**Work task:** Retype the listing exactly, minus its pictures.

**Provided records:**
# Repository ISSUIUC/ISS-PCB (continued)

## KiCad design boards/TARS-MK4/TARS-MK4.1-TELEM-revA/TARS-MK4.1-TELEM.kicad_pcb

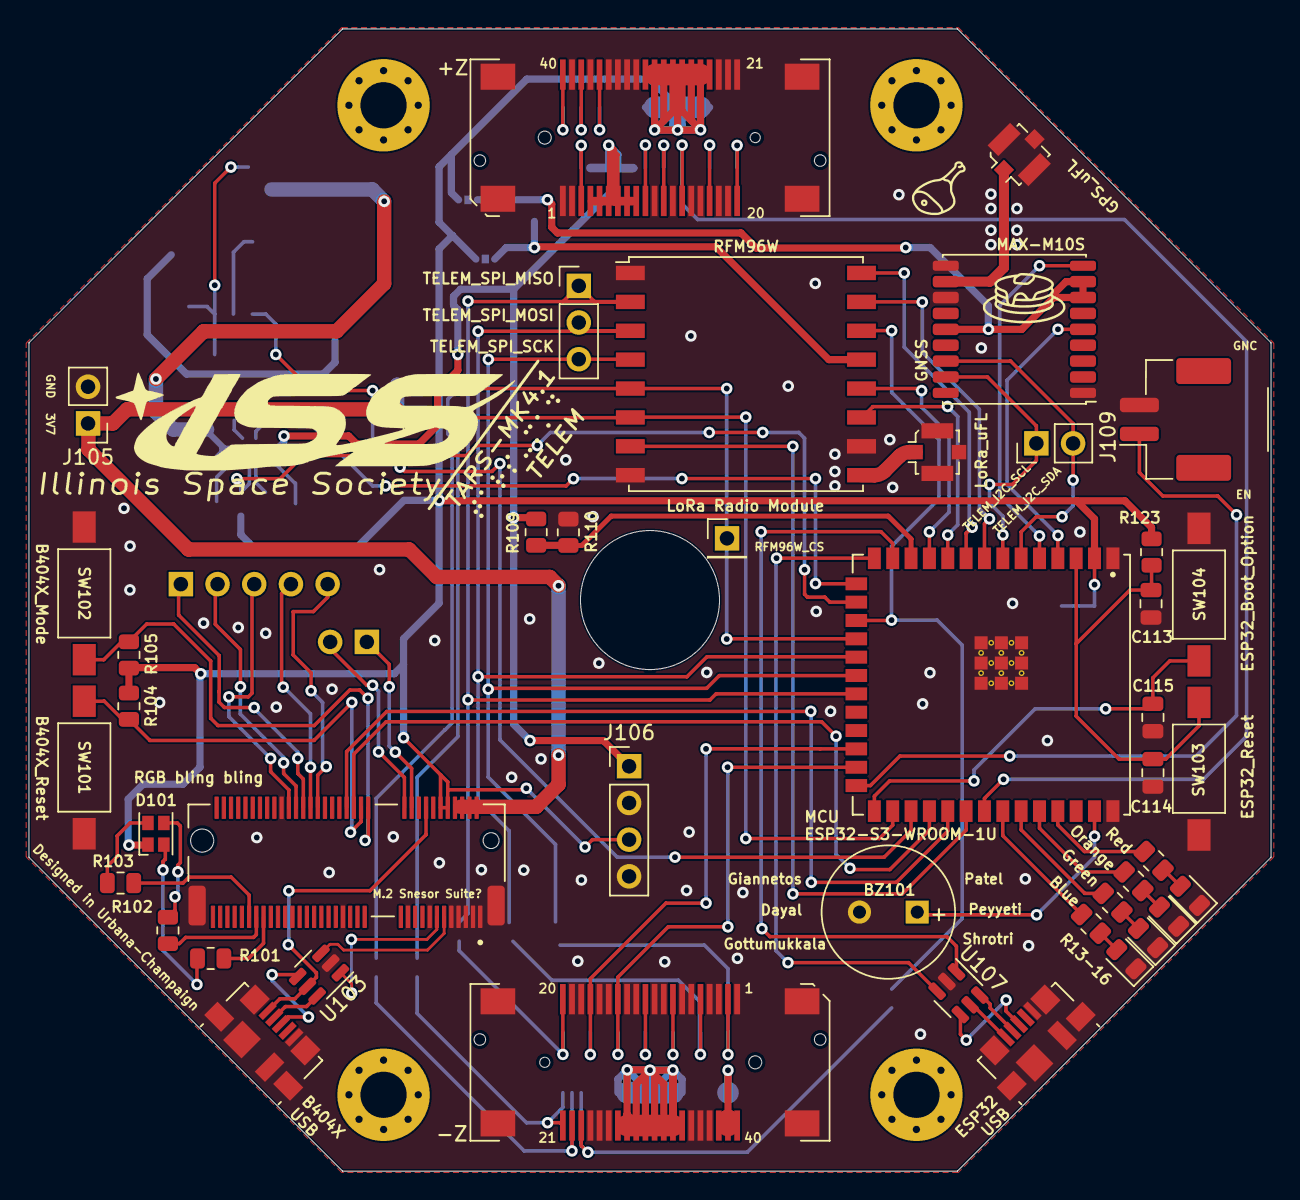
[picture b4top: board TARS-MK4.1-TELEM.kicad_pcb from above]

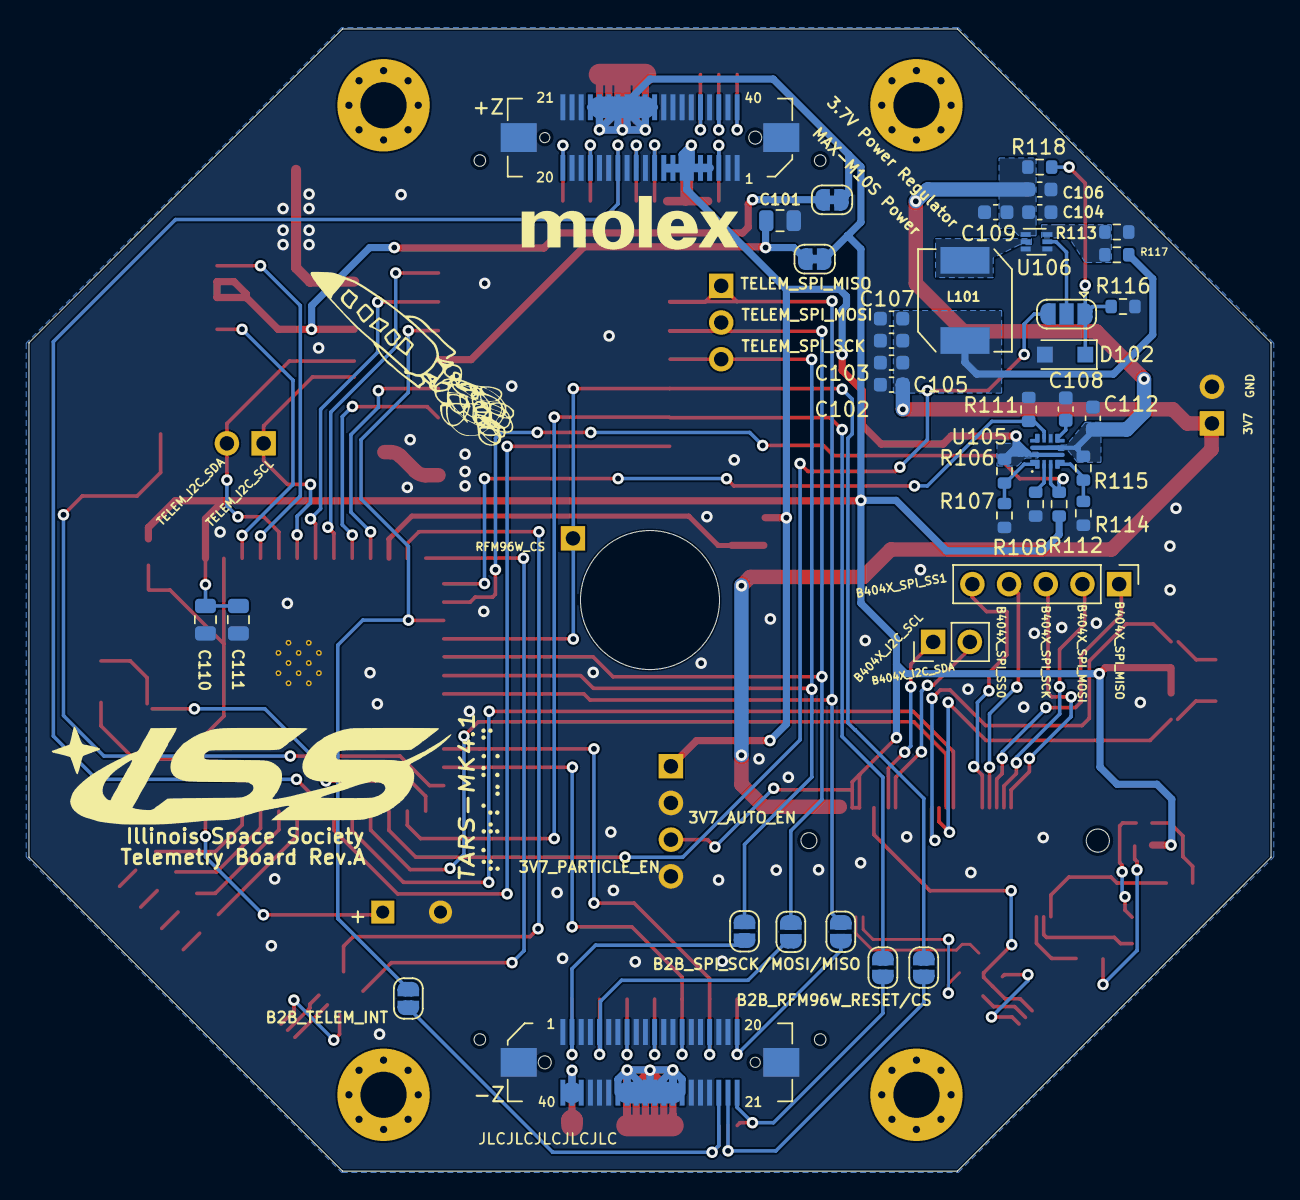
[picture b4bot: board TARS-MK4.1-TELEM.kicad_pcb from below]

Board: 2 copper layers, 86.0 x 79.1 mm, 83 parts (40 on the bottom side), 96 nets.

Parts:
BZ101: Buzzer; MagneticBuzzer_PUI_AT-0927-TT-6-R
C101: 10uF; C_0805_2012Metric
C102, C103, C105, C107: 22uF; C_0603_1608Metric
C104, C106: 10uF; C_0603_1608Metric
C108: 5.1nF; C_0603_1608Metric
C109: 0.1uF; C_0603_1608Metric
C110: 22uF; C_0805_2012Metric
C111, C114, C115: 0.1uF; C_0805_2012Metric
C112: 470uF; C_0603_1608Metric
C113: 1uF; C_0805_2012Metric
D101: LED_ABGR; LED_Cree-PLCC4_2x2mm_CW
D102: BZT52H-A5V1-QX; D_SOD-123F
D103: RED LED; LED_0805_2012Metric
D104: ORANGE LED; LED_0805_2012Metric
D105: GREEN LED; LED_0805_2012Metric
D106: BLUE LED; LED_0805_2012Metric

**Solution to the exercise:**
# Repository ISSUIUC/ISS-PCB (continued)

## KiCad design boards/TARS-MK4/TARS-MK4.1-TELEM-revA/TARS-MK4.1-TELEM.kicad_pcb

[picture b4top: board TARS-MK4.1-TELEM.kicad_pcb from above]

[picture b4bot: board TARS-MK4.1-TELEM.kicad_pcb from below]

Board: 2 copper layers, 86.0 x 79.1 mm, 83 parts (40 on the bottom side), 96 nets.

Parts:
BZ101: Buzzer; MagneticBuzzer_PUI_AT-0927-TT-6-R
C101: 10uF; C_0805_2012Metric
C102, C103, C105, C107: 22uF; C_0603_1608Metric
C104, C106: 10uF; C_0603_1608Metric
C108: 5.1nF; C_0603_1608Metric
C109: 0.1uF; C_0603_1608Metric
C110: 22uF; C_0805_2012Metric
C111, C114, C115: 0.1uF; C_0805_2012Metric
C112: 470uF; C_0603_1608Metric
C113: 1uF; C_0805_2012Metric
D101: LED_ABGR; LED_Cree-PLCC4_2x2mm_CW
D102: BZT52H-A5V1-QX; D_SOD-123F
D103: RED LED; LED_0805_2012Metric
D104: ORANGE LED; LED_0805_2012Metric
D105: GREEN LED; LED_0805_2012Metric
D106: BLUE LED; LED_0805_2012Metric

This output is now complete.